You should be fine. You will be able to get lots of practice in during the first couple days on the upper flatwater section. Practice spinning around, making quick turns, going forward, going backward, etc. Ask for advice from the other experienced rowers. By the time you get to the rapids, you will have way more than a few miles under your belt. I did it at 2200 CFS last year. It was bony in spots, but should be no issues if you hit your lines. I would recommend scouting the Class IIIs so that you can identify obstacles. The obstacles are sometimes impossible to see from the approach, so scouting is always helpful. Coal Creek will be the most difficult to scout because you can only see it from a distance upstream. I still think it is worth scouting. Other advice I have:


Begin making your moves early. Keep an eye on what's coming downstream and react as soon as possible.
Upsteram ferries are your friend (facing downstream, but rowing backwards to decrease closure time). If there is a big rock on the left that you are trying to avoid in the rapid, face that rock and row backwards away from it (you will be rowing upstream right).
Don't forget to bring too much beer. You will be rowing off the calories, so will need more beer than you think.

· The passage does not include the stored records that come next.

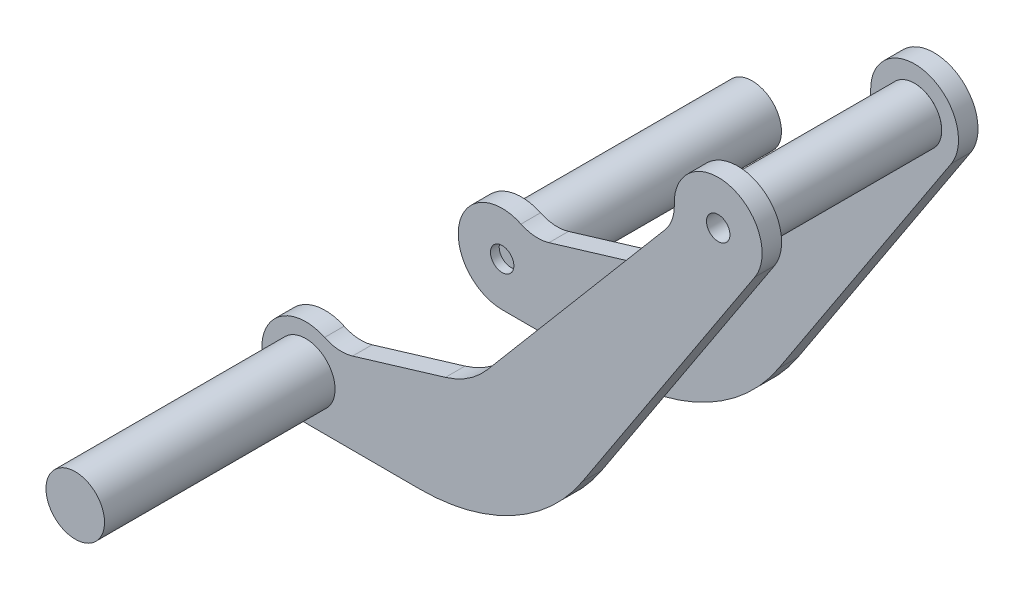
ISO-10303-21;
HEADER;
FILE_DESCRIPTION(('STEP AP214'),'2;1');
FILE_NAME('part.step','',(''),(''),'','','');
FILE_SCHEMA(('AUTOMOTIVE_DESIGN { 1 0 10303 214 1 1 1 1 }'));
ENDSEC;
DATA;
#1=APPLICATION_CONTEXT('core data for automotive mechanical design processes');
#2=APPLICATION_PROTOCOL_DEFINITION('international standard','automotive_design',2000,#1);
#3=PRODUCT_CONTEXT('',#1,'mechanical');
#4=PRODUCT('Part','Part','',(#3));
#5=PRODUCT_RELATED_PRODUCT_CATEGORY('part','',(#4));
#6=PRODUCT_DEFINITION_FORMATION('','',#4);
#7=PRODUCT_DEFINITION_CONTEXT('part definition',#1,'design');
#8=PRODUCT_DEFINITION('design','',#6,#7);
#9=PRODUCT_DEFINITION_SHAPE('','',#8);
#10=(LENGTH_UNIT() NAMED_UNIT(*) SI_UNIT(.MILLI.,.METRE.));
#11=(NAMED_UNIT(*) PLANE_ANGLE_UNIT() SI_UNIT($,.RADIAN.));
#12=(NAMED_UNIT(*) SI_UNIT($,.STERADIAN.) SOLID_ANGLE_UNIT());
#13=UNCERTAINTY_MEASURE_WITH_UNIT(LENGTH_MEASURE(1.E-05),#10,'distance_accuracy_value','');
#14=(GEOMETRIC_REPRESENTATION_CONTEXT(3) GLOBAL_UNCERTAINTY_ASSIGNED_CONTEXT((#13)) GLOBAL_UNIT_ASSIGNED_CONTEXT((#10,
#11,#12)) REPRESENTATION_CONTEXT('',''));
#15=CARTESIAN_POINT('',(0.,0.,0.));
#16=DIRECTION('',(0.,0.,1.));
#17=DIRECTION('',(1.,0.,0.));
#18=AXIS2_PLACEMENT_3D('',#15,#16,#17);
#19=CARTESIAN_POINT('',(-172.446886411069,-288.098469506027,173.4));
#20=DIRECTION('',(0.,0.,0.999999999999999));
#21=DIRECTION('',(0.93775428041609,-0.347299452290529,0.));
#22=AXIS2_PLACEMENT_3D('',#19,#20,#21);
#23=CYLINDRICAL_SURFACE('',#22,15.);
#24=CARTESIAN_POINT('',(-172.446886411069,-288.098469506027,49.8));
#25=DIRECTION('',(0.,0.,0.999999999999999));
#26=DIRECTION('',(0.93775428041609,-0.347299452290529,0.));
#27=AXIS2_PLACEMENT_3D('',#24,#25,#26);
#28=CIRCLE('',#27,15.);
#29=CARTESIAN_POINT('',(-158.380572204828,-293.307961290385,49.8));
#30=VERTEX_POINT('',#29);
#31=EDGE_CURVE('P0_E10',#30,#30,#28,.F.);
#32=CARTESIAN_POINT('',(-172.446886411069,-288.098469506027,173.4));
#33=DIRECTION('',(0.,0.,0.999999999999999));
#34=DIRECTION('',(0.93775428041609,-0.347299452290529,0.));
#35=AXIS2_PLACEMENT_3D('',#32,#33,#34);
#36=CIRCLE('',#35,15.);
#37=CARTESIAN_POINT('',(-158.380572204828,-293.307961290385,173.4));
#38=VERTEX_POINT('',#37);
#39=EDGE_CURVE('P0_E21',#38,#38,#36,.T.);
#40=CARTESIAN_POINT('',(-158.380572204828,-293.307961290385,49.8));
#41=CARTESIAN_POINT('',(-158.380572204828,-293.307961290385,51.0875));
#42=CARTESIAN_POINT('',(-158.380572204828,-293.307961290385,52.375));
#43=CARTESIAN_POINT('',(-158.380572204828,-293.307961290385,54.95));
#44=CARTESIAN_POINT('',(-158.380572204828,-293.307961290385,56.2375));
#45=CARTESIAN_POINT('',(-158.380572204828,-293.307961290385,58.8125));
#46=CARTESIAN_POINT('',(-158.380572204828,-293.307961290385,60.1));
#47=CARTESIAN_POINT('',(-158.380572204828,-293.307961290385,62.675));
#48=CARTESIAN_POINT('',(-158.380572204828,-293.307961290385,63.9625));
#49=CARTESIAN_POINT('',(-158.380572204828,-293.307961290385,66.5375));
#50=CARTESIAN_POINT('',(-158.380572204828,-293.307961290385,67.825));
#51=CARTESIAN_POINT('',(-158.380572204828,-293.307961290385,70.3999999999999));
#52=CARTESIAN_POINT('',(-158.380572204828,-293.307961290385,71.6874999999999));
#53=CARTESIAN_POINT('',(-158.380572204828,-293.307961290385,74.2624999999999));
#54=CARTESIAN_POINT('',(-158.380572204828,-293.307961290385,75.5499999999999));
#55=CARTESIAN_POINT('',(-158.380572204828,-293.307961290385,78.1249999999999));
#56=CARTESIAN_POINT('',(-158.380572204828,-293.307961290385,79.4124999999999));
#57=CARTESIAN_POINT('',(-158.380572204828,-293.307961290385,81.9874999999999));
#58=CARTESIAN_POINT('',(-158.380572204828,-293.307961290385,83.2749999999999));
#59=CARTESIAN_POINT('',(-158.380572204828,-293.307961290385,85.8499999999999));
#60=CARTESIAN_POINT('',(-158.380572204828,-293.307961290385,87.1374999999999));
#61=CARTESIAN_POINT('',(-158.380572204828,-293.307961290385,89.7124999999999));
#62=CARTESIAN_POINT('',(-158.380572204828,-293.307961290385,90.9999999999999));
#63=CARTESIAN_POINT('',(-158.380572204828,-293.307961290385,93.5749999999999));
#64=CARTESIAN_POINT('',(-158.380572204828,-293.307961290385,94.8624999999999));
#65=CARTESIAN_POINT('',(-158.380572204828,-293.307961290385,97.4374999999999));
#66=CARTESIAN_POINT('',(-158.380572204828,-293.307961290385,98.7249999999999));
#67=CARTESIAN_POINT('',(-158.380572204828,-293.307961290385,101.3));
#68=CARTESIAN_POINT('',(-158.380572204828,-293.307961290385,102.5875));
#69=CARTESIAN_POINT('',(-158.380572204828,-293.307961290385,105.1625));
#70=CARTESIAN_POINT('',(-158.380572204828,-293.307961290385,106.45));
#71=CARTESIAN_POINT('',(-158.380572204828,-293.307961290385,109.025));
#72=CARTESIAN_POINT('',(-158.380572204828,-293.307961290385,110.3125));
#73=CARTESIAN_POINT('',(-158.380572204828,-293.307961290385,112.8875));
#74=CARTESIAN_POINT('',(-158.380572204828,-293.307961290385,114.175));
#75=CARTESIAN_POINT('',(-158.380572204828,-293.307961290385,116.75));
#76=CARTESIAN_POINT('',(-158.380572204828,-293.307961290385,118.0375));
#77=CARTESIAN_POINT('',(-158.380572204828,-293.307961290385,120.6125));
#78=CARTESIAN_POINT('',(-158.380572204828,-293.307961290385,121.9));
#79=CARTESIAN_POINT('',(-158.380572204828,-293.307961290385,124.475));
#80=CARTESIAN_POINT('',(-158.380572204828,-293.307961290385,125.7625));
#81=CARTESIAN_POINT('',(-158.380572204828,-293.307961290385,128.3375));
#82=CARTESIAN_POINT('',(-158.380572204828,-293.307961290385,129.625));
#83=CARTESIAN_POINT('',(-158.380572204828,-293.307961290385,132.2));
#84=CARTESIAN_POINT('',(-158.380572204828,-293.307961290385,133.4875));
#85=CARTESIAN_POINT('',(-158.380572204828,-293.307961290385,136.0625));
#86=CARTESIAN_POINT('',(-158.380572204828,-293.307961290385,137.35));
#87=CARTESIAN_POINT('',(-158.380572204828,-293.307961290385,139.925));
#88=CARTESIAN_POINT('',(-158.380572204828,-293.307961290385,141.2125));
#89=CARTESIAN_POINT('',(-158.380572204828,-293.307961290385,143.7875));
#90=CARTESIAN_POINT('',(-158.380572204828,-293.307961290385,145.075));
#91=CARTESIAN_POINT('',(-158.380572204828,-293.307961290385,147.65));
#92=CARTESIAN_POINT('',(-158.380572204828,-293.307961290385,148.9375));
#93=CARTESIAN_POINT('',(-158.380572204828,-293.307961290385,151.5125));
#94=CARTESIAN_POINT('',(-158.380572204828,-293.307961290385,152.8));
#95=CARTESIAN_POINT('',(-158.380572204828,-293.307961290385,155.375));
#96=CARTESIAN_POINT('',(-158.380572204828,-293.307961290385,156.6625));
#97=CARTESIAN_POINT('',(-158.380572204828,-293.307961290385,159.2375));
#98=CARTESIAN_POINT('',(-158.380572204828,-293.307961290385,160.525));
#99=CARTESIAN_POINT('',(-158.380572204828,-293.307961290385,163.1));
#100=CARTESIAN_POINT('',(-158.380572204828,-293.307961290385,164.3875));
#101=CARTESIAN_POINT('',(-158.380572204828,-293.307961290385,166.9625));
#102=CARTESIAN_POINT('',(-158.380572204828,-293.307961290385,168.25));
#103=CARTESIAN_POINT('',(-158.380572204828,-293.307961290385,170.825));
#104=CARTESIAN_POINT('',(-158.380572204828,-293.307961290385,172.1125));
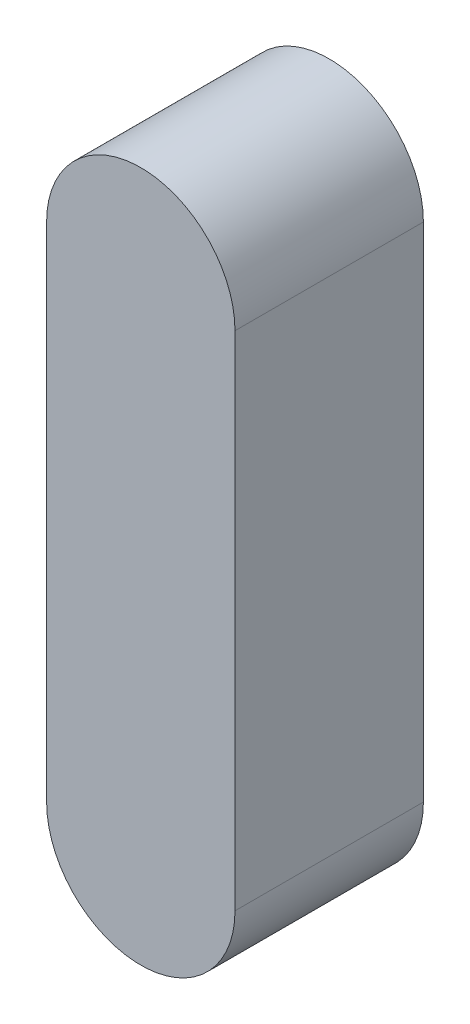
from build123d import *

# Parameters (mm, degrees)
BASE_EXTRUDE_DEPTH = 3


with BuildPart() as part:
    # Sketch1 → Base-Extrude (new body)
    with BuildSketch(Plane.XY):
        with BuildLine():
            Line((1.5, 8), (1.5, 0))
            ThreePointArc((1.5, 0), (0, -1.5), (-1.5, 0))
            Line((-1.5, 0), (-1.5, 8))
            ThreePointArc((-1.5, 8), (0, 9.5), (1.5, 8))
        make_face()
    extrude(amount=BASE_EXTRUDE_DEPTH)


solid = part.part

I am launching in a few days with an estimated flow at 1700-1800 CFS, so will give you a report of anything I learn from the rapids at that flow.


----------



## campnfloat (Sep 14, 2017)

I'd be interested in a report after these trips, as I have a 10/1 launch date, first time running D/G and very much looking forward to it. Flows should be slightly higher by then due to irrigation stoppage and increase release from Flaming Gorge dam. But still, lower water than I was hoping for. Any information at lower water would be much appreciated!! Happy floating!


----------



## Utahgirlonthefly (Sep 5, 2019)

RidgeLivin said:


> You should be fine. You will be able to get lots of practice in during the first couple days on the upper flatwater section. Practice spinning around, making quick turns, going forward, going backward, etc. Ask for advice from the other experienced rowers. By the time you get to the rapids, you will have way more than a few miles under your belt. I did it at 2200 CFS last year. It was bony in spots, but should be no issues if you hit your lines. I would recommend scouting the Class IIIs so that you can identify obstacles. The obstacles are sometimes impossible to see from the approach, so scouting is always helpful. Coal Creek will be the most difficult to scout because you can only see it from a distance upstream. I still think it is worth scouting. Other advice I have:
> 
> 
> Begin making your moves early. Keep an eye on what's coming downstream and react as soon as possible.
> ...


Yes! Thank you so much! I would definitely appreciate any intel!


----------



## agrankin (Aug 31, 2017)

You should be fine for sure. Suggest watching some of the youtube videos of deso at low flows. don't rely on them, but it will help you get familiar with what is out there. We ran it at ~2100 7/27-8/1 this year. I was a bit surprised by how low flows affected Joe Hutch Canyon rapid and Wire Fence - made Joe Hutch a bit more challenging and the drop at Wire Fence a bit more dramatic. All in all you be fine. Also suggest watching Northwest Rafting Company's vids on rafting -- as RidgeLivin suggested keep your nose pointed at the danger and row backwards - that is a great defensive and conservative approach. And practice moving back and forth across the river using both forward and backward rows -- and practice catching eddies.


----------



## agrankin (Aug 31, 2017)

Oh yeah and in low flows be a keen observer for sand bars. In general, follow the bubble line and generally the outside bend in the river usually carries the most flow.


----------



## Utahgirlonthefly (Sep 5, 2019)

agrankin said:


> You should be fine for sure. Suggest watching some of the youtube videos of deso at low flows. don't rely on them, but it will help you get familiar with what is out there. We ran it at ~2100 7/27-8/1 this year. I was a bit surprised by how low flows affected Joe Hutch Canyon rapid and Wire Fence - made Joe Hutch a bit more challenging and the drop at Wire Fence a bit more dramatic. All in all you be fine. Also suggest watching Northwest Rafting Company's vids on rafting -- as RidgeLivin suggested keep your nose pointed at the danger and row backwards - that is a great defensive and conservative approach. And practice moving back and forth across the river using both forward and backward rows -- and practice catching eddies.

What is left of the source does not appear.